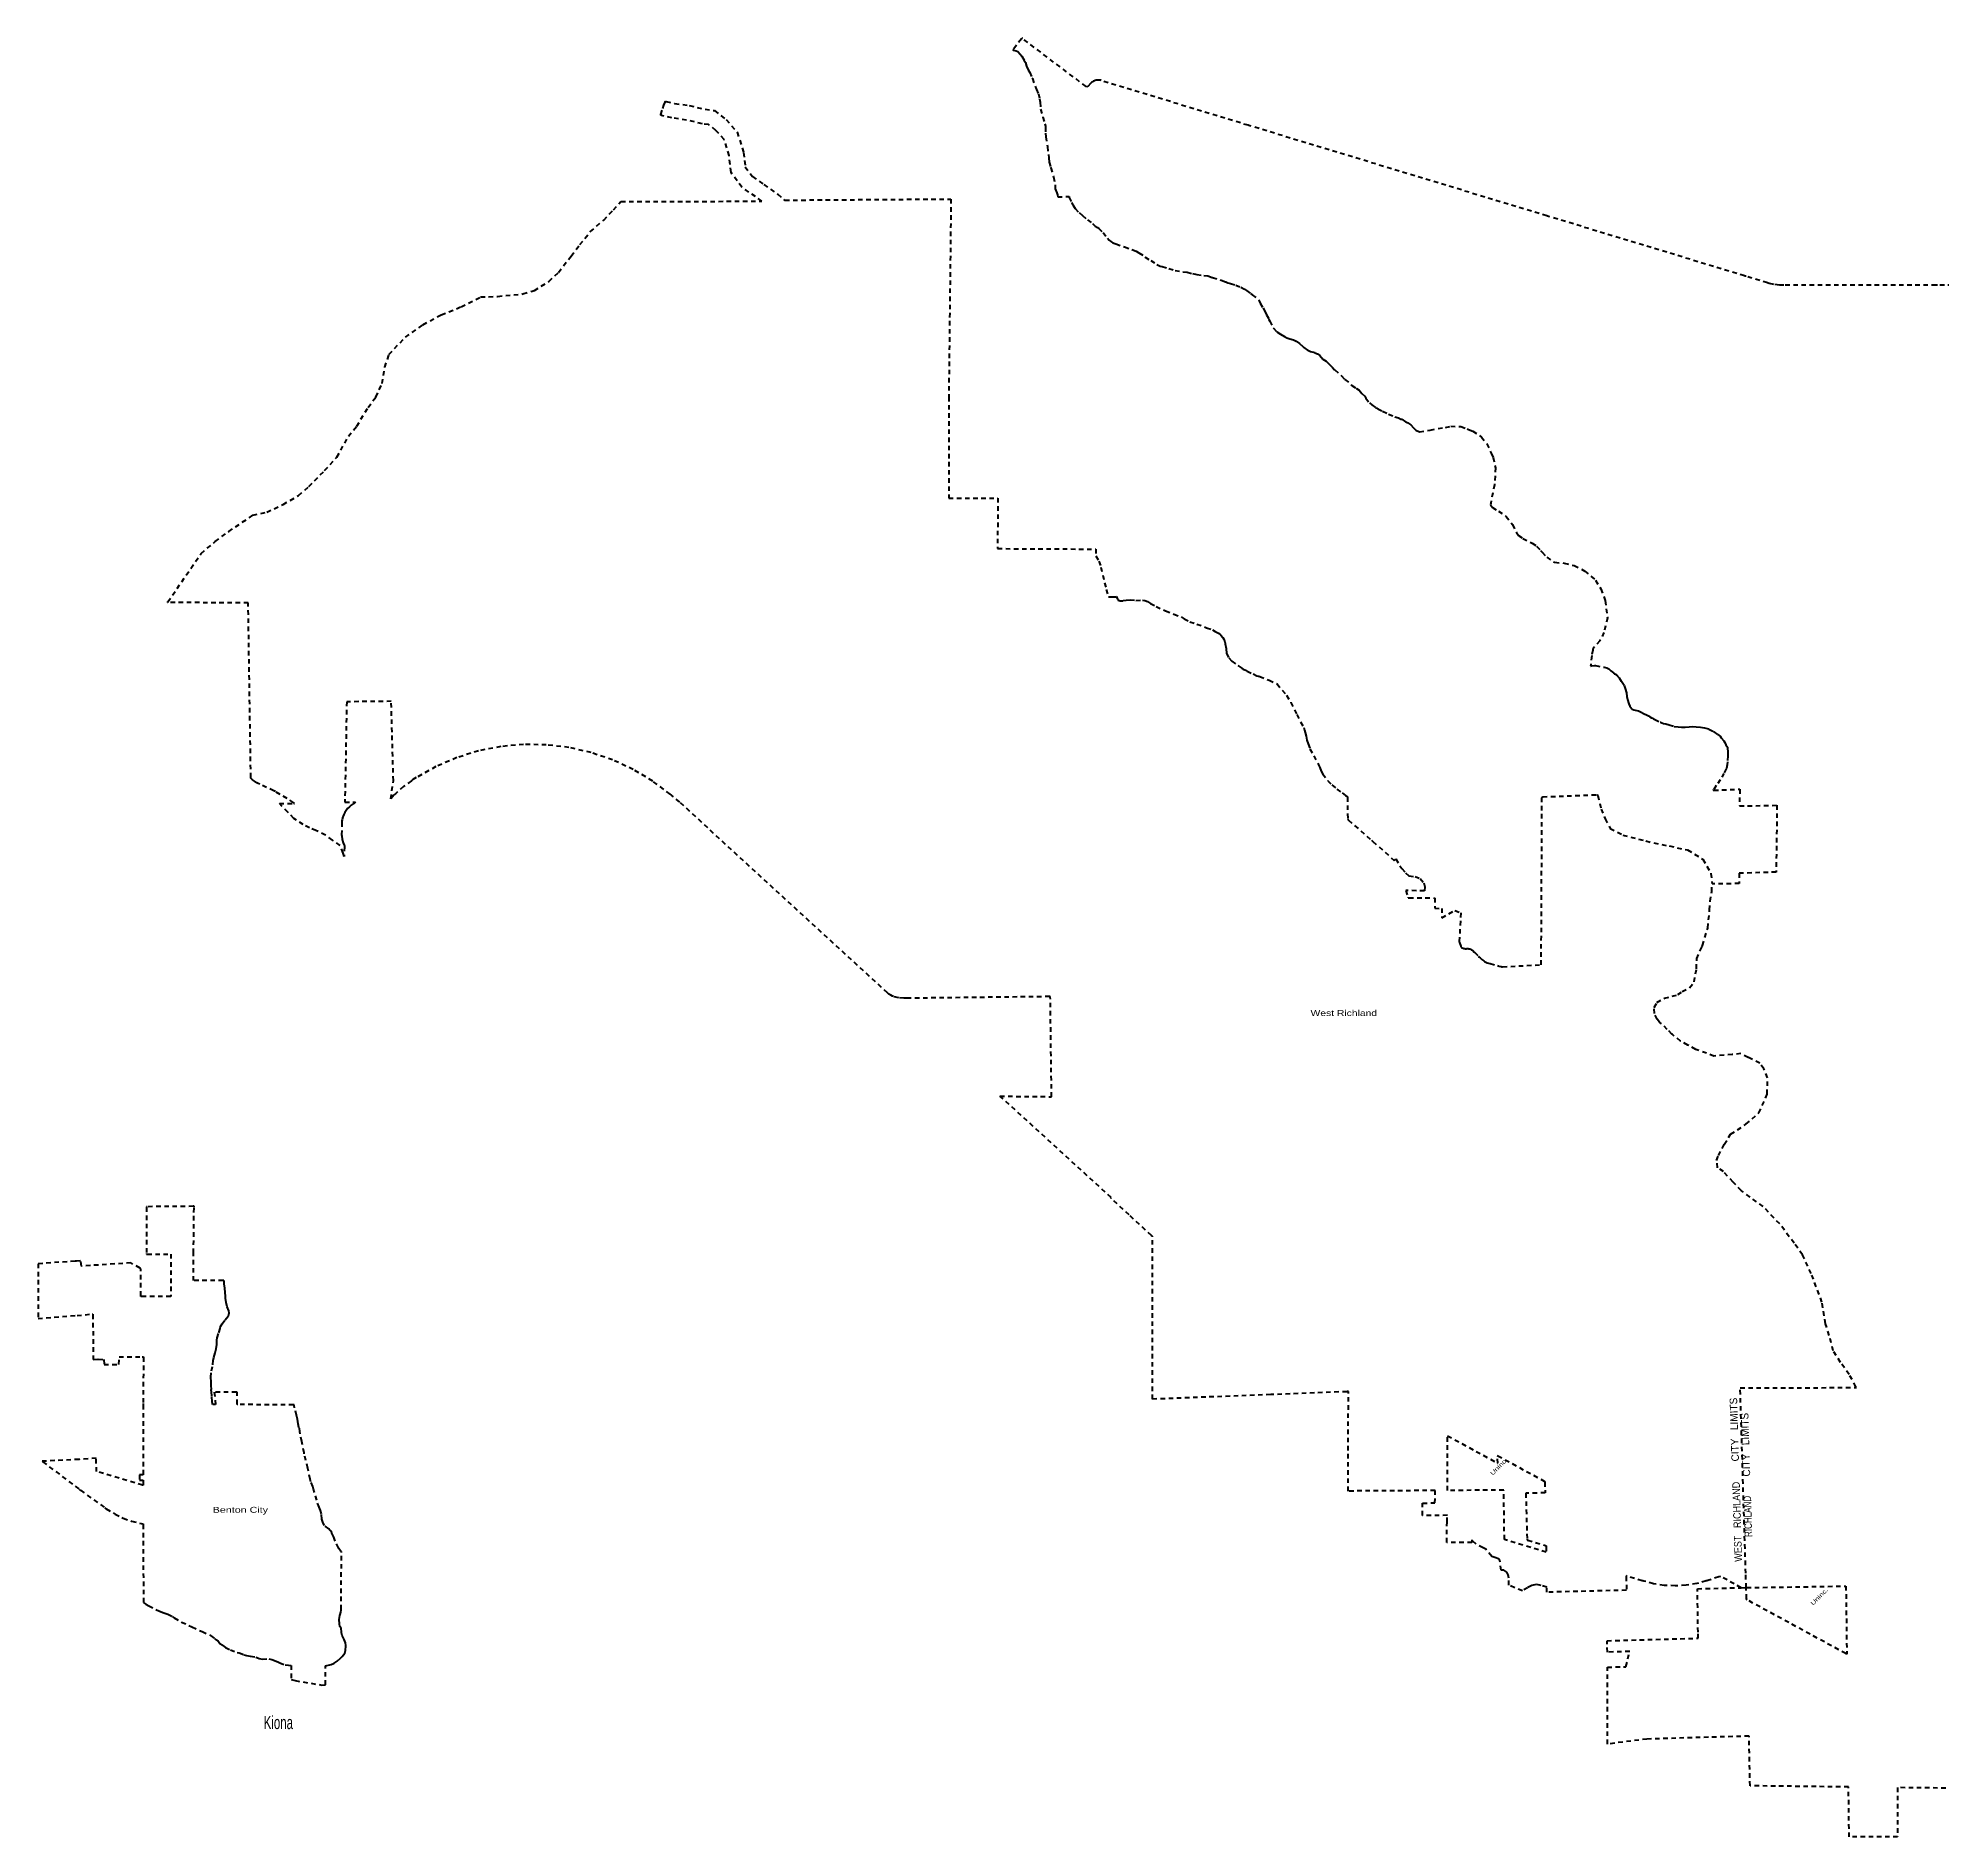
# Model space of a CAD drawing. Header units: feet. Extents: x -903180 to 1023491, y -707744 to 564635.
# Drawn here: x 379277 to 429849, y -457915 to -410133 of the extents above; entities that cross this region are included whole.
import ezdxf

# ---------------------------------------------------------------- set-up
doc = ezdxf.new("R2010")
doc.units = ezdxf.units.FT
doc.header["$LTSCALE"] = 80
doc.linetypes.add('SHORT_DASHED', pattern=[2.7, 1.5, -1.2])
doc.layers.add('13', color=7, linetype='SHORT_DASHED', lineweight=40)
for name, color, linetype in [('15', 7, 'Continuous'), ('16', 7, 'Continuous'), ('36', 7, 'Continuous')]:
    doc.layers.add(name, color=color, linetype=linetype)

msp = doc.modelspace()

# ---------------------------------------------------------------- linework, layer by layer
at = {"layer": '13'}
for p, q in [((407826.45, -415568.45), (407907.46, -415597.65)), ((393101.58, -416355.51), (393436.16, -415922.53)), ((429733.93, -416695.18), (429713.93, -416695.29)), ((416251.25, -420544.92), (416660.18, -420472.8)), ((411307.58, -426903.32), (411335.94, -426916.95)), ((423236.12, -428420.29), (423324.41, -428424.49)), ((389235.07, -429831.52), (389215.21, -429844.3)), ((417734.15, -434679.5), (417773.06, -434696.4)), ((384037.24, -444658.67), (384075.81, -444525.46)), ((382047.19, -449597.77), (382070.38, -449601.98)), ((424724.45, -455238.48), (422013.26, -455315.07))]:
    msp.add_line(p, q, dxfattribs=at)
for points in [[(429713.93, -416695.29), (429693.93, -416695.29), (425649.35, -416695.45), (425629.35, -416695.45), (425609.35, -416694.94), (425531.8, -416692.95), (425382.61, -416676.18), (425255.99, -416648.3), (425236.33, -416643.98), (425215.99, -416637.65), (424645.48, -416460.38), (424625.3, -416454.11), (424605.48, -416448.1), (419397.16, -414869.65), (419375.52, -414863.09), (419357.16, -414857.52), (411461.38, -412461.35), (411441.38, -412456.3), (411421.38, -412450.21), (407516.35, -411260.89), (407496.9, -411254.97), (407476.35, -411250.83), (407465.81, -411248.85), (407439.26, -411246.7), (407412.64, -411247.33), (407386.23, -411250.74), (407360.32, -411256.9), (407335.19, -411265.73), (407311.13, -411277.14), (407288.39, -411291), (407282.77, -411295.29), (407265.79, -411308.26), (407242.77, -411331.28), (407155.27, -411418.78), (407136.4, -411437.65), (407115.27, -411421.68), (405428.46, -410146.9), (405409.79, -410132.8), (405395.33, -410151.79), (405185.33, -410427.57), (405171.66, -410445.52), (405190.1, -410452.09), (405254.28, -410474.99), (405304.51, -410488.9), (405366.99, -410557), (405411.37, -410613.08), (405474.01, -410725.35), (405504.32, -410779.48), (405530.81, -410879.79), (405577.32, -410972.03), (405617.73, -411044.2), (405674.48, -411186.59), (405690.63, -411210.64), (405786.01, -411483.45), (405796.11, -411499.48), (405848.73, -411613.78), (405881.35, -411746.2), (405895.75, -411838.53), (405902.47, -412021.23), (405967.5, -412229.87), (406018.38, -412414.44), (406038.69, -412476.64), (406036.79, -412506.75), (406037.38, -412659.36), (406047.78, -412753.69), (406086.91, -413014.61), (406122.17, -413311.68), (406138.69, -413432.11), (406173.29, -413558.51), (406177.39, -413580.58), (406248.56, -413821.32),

######

> **Your objective**
The reply should contain every line of the material exactly, and no images.

> **Written answer**
# Model space of a CAD drawing. Header units: feet. Extents: x -903180 to 1023491, y -707744 to 564635.
# Drawn here: x 379277 to 429849, y -457915 to -410133 of the extents above; entities that cross this region are included whole.
import ezdxf

# ---------------------------------------------------------------- set-up
doc = ezdxf.new("R2010")
doc.units = ezdxf.units.FT
doc.header["$LTSCALE"] = 80
doc.linetypes.add('SHORT_DASHED', pattern=[2.7, 1.5, -1.2])
doc.layers.add('13', color=7, linetype='SHORT_DASHED', lineweight=40)
for name, color, linetype in [('15', 7, 'Continuous'), ('16', 7, 'Continuous'), ('36', 7, 'Continuous')]:
    doc.layers.add(name, color=color, linetype=linetype)

msp = doc.modelspace()

# ---------------------------------------------------------------- linework, layer by layer
at = {"layer": '13'}
for p, q in [((407826.45, -415568.45), (407907.46, -415597.65)), ((393101.58, -416355.51), (393436.16, -415922.53)), ((429733.93, -416695.18), (429713.93, -416695.29)), ((416251.25, -420544.92), (416660.18, -420472.8)), ((411307.58, -426903.32), (411335.94, -426916.95)), ((423236.12, -428420.29), (423324.41, -428424.49)), ((389235.07, -429831.52), (389215.21, -429844.3)), ((417734.15, -434679.5), (417773.06, -434696.4)), ((384037.24, -444658.67), (384075.81, -444525.46)), ((382047.19, -449597.77), (382070.38, -449601.98)), ((424724.45, -455238.48), (422013.26, -455315.07))]:
    msp.add_line(p, q, dxfattribs=at)
for points in [[(429713.93, -416695.29), (429693.93, -416695.29), (425649.35, -416695.45), (425629.35, -416695.45), (425609.35, -416694.94), (425531.8, -416692.95), (425382.61, -416676.18), (425255.99, -416648.3), (425236.33, -416643.98), (425215.99, -416637.65), (424645.48, -416460.38), (424625.3, -416454.11), (424605.48, -416448.1), (419397.16, -414869.65), (419375.52, -414863.09), (419357.16, -414857.52), (411461.38, -412461.35), (411441.38, -412456.3), (411421.38, -412450.21), (407516.35, -411260.89), (407496.9, -411254.97), (407476.35, -411250.83), (407465.81, -411248.85), (407439.26, -411246.7), (407412.64, -411247.33), (407386.23, -411250.74), (407360.32, -411256.9), (407335.19, -411265.73), (407311.13, -411277.14), (407288.39, -411291), (407282.77, -411295.29), (407265.79, -411308.26), (407242.77, -411331.28), (407155.27, -411418.78), (407136.4, -411437.65), (407115.27, -411421.68), (405428.46, -410146.9), (405409.79, -410132.8), (405395.33, -410151.79), (405185.33, -410427.57), (405171.66, -410445.52), (405190.1, -410452.09), (405254.28, -410474.99), (405304.51, -410488.9), (405366.99, -410557), (405411.37, -410613.08), (405474.01, -410725.35), (405504.32, -410779.48), (405530.81, -410879.79), (405577.32, -410972.03), (405617.73, -411044.2), (405674.48, -411186.59), (405690.63, -411210.64), (405786.01, -411483.45), (405796.11, -411499.48), (405848.73, -411613.78), (405881.35, -411746.2), (405895.75, -411838.53), (405902.47, -412021.23), (405967.5, -412229.87), (406018.38, -412414.44), (406038.69, -412476.64), (406036.79, -412506.75), (406037.38, -412659.36), (406047.78, -412753.69), (406086.91, -413014.61), (406122.17, -413311.68), (406138.69, -413432.11), (406173.29, -413558.51), (406177.39, -413580.58), (406248.56, -413821.32),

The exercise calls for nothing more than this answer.